In conventional arch bridges, all the hangers are vertical, and they are less in number than the network arch bridge. But for the sake of comparison, we will consider the same number of hangers for both configurations. The results of the following two cases will be checked:

 

  • LC 1: Self-weight and SIDL
  • LC 2: Self-weight, SIDL, and Live Loads

The decisive force for an arch bridge is axial load and bending moment (in arch and tie). Axial load is the function of the span of the bridge and arch rise. As they are the same for both the bridges, axial loads are also similar. However, the longitudinal moment shows the critical difference in the load-carrying pattern of both the bridges.

 

Fig 8 compares the bending moment in the arch and tie due to the LC1 (self-weight and SIDL). A uniform loading is considered throughout the span. The load is predominantly transferred to the arches through the hangers for conventional arch bridges, causing bending moments in the arches.
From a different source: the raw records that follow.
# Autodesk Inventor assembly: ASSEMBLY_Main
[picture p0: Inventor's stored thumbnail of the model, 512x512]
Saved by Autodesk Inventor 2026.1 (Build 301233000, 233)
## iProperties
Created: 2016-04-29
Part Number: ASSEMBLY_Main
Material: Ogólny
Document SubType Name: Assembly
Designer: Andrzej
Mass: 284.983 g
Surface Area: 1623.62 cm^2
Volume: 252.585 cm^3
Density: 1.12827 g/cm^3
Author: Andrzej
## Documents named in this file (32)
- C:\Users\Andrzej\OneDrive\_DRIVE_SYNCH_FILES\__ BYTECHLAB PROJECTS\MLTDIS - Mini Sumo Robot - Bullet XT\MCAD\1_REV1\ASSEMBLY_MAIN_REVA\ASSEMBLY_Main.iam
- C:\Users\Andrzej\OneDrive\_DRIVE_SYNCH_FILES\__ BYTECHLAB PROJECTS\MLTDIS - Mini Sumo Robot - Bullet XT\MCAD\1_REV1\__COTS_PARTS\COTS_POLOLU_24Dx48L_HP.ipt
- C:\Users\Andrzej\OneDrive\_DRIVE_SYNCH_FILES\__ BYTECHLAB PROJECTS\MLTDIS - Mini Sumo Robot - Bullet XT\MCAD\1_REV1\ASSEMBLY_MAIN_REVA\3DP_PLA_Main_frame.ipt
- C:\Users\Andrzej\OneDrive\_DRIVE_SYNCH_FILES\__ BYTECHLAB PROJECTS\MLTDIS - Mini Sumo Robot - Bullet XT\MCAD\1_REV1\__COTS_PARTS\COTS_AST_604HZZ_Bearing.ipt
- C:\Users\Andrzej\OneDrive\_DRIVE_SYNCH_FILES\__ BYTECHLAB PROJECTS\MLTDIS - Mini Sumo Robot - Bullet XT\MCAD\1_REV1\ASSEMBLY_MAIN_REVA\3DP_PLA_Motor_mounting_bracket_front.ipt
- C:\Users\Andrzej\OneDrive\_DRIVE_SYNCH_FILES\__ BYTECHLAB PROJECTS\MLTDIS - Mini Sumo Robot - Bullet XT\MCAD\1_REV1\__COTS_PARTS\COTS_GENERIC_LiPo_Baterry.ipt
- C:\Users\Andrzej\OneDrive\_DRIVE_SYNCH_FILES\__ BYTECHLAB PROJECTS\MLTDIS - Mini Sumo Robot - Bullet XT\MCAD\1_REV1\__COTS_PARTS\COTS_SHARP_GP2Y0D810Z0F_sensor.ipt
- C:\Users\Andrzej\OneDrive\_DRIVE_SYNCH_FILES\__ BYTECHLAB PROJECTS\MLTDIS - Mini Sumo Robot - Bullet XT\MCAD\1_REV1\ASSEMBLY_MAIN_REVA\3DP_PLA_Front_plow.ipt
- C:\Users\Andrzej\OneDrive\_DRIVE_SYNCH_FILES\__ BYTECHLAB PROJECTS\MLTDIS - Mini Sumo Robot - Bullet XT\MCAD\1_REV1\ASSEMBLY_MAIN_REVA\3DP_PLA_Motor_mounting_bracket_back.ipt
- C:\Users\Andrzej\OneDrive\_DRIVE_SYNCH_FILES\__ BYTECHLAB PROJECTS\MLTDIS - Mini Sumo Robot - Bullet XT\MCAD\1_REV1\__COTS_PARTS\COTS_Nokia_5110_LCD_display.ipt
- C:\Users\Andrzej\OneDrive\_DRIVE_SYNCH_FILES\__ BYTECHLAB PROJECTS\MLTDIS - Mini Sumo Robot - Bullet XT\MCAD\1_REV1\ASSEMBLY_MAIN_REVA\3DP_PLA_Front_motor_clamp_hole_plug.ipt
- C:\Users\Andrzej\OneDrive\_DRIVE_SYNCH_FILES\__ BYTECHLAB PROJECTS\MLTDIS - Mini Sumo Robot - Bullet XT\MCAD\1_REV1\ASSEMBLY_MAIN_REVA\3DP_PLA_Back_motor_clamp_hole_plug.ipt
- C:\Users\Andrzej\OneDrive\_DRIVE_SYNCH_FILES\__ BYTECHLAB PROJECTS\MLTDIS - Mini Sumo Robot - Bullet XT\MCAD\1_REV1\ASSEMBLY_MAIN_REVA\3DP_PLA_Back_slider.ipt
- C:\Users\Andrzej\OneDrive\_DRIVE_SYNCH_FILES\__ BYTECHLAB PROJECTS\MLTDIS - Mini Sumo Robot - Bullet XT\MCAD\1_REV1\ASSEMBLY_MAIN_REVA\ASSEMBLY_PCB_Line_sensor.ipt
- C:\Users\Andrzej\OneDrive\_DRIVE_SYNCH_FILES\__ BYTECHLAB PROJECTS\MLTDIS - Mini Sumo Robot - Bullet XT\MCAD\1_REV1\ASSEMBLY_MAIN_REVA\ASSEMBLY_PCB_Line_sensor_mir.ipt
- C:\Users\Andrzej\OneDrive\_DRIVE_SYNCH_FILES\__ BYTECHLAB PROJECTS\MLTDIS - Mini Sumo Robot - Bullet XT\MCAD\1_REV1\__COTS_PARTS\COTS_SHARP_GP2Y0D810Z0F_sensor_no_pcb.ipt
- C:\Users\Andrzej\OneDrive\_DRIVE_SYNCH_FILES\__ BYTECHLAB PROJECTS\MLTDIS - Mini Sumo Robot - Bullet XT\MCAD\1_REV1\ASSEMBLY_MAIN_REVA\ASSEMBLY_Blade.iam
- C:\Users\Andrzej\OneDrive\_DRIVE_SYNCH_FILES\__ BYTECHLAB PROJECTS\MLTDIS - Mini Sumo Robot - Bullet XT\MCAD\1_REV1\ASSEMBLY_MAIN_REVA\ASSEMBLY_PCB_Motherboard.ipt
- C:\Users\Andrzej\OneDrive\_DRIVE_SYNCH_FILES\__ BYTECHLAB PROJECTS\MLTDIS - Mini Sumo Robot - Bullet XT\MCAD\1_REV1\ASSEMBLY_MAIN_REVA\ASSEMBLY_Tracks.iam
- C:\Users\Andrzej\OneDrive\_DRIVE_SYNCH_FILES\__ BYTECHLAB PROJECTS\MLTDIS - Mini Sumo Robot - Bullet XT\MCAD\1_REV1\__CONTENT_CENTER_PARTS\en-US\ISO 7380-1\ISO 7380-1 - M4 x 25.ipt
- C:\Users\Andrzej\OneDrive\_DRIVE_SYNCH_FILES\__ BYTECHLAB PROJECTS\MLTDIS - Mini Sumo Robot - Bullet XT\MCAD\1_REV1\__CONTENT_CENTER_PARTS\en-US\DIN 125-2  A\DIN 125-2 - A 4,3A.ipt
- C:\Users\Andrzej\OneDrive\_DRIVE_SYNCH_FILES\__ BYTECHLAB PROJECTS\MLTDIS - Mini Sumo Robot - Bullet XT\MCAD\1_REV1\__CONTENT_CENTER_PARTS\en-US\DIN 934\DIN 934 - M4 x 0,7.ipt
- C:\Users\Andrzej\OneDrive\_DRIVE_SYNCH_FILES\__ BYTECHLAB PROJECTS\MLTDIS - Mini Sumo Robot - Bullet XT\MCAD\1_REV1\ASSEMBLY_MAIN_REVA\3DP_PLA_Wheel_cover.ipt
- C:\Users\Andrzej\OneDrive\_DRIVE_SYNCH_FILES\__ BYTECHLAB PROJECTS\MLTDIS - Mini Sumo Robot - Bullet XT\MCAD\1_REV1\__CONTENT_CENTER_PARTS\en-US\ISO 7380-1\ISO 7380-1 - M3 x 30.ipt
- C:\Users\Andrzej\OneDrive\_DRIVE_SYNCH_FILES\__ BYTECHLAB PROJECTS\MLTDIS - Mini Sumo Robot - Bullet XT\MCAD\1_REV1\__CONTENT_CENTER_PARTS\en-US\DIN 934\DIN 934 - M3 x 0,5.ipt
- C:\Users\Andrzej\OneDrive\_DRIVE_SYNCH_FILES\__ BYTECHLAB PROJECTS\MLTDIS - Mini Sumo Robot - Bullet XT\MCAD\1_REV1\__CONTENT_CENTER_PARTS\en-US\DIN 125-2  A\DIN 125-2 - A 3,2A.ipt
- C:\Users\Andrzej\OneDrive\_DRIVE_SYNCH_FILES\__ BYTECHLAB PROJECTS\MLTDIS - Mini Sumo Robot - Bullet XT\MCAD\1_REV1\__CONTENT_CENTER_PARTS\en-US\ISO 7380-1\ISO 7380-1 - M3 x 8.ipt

On the other hand, there is no significant bending moment in arches and ties in the case of network arch bridges. For LC 1, the bending moment ratio between the network arch and the conventional arch is 1:6 for arch and 1:3 for tie beams.

 

Figure 8. Bending moment in hanger and tie due to LC 1

 

For LC 2, LM 71 live load vehicle on a single track is considered. Fig. 9 and 10 show the maximum bending moment in tie and arch due to LC 2 and the critical position of the vehicle causing this bending moment for both types of arch bridges. Like LC 1 case, the load is predominantly carried by arches and tie beams for conventional arch bridges. However, in the case of network arch bridges, the load sharing is even, and the cross girders connecting the tie beams carry a significant amount of load. Therefore, network arch bridge decks are designed for transverse bending rather than longitudinal bending. For LC 2, the bending moment ratio between the network arch and the conventional arch is 1:7.5 for arch and 1:4 for tie beams.

 

Figure 9. Maximum moment in arch due to LC2 & critical vehicle position causing BM for conventional arch bridge

 

 

 
Figure 10. Maximum moment in arch due to LC 2 & critical vehicle position causing this BM for network arch bridge
 
 

 

4. Conclusion

 

Clearly, the above comparison shows that network arch bridges are more efficient than conventional arch bridges. Network arches are stiffer structures due to higher redundancy, and inclined hangers result in better moment and shear distribution in the structure. This can lead to slender arch sections and slimmer tie beams, leading to up to 45% savings in material cost compared to conventional bridges. Network arches are not sensitive to uneven settlements as well. High strength and low weight make network arch bridges dynamically robust structures. Hence network tied arch bridges are clearly a better choice as compared to conventional arch bridges.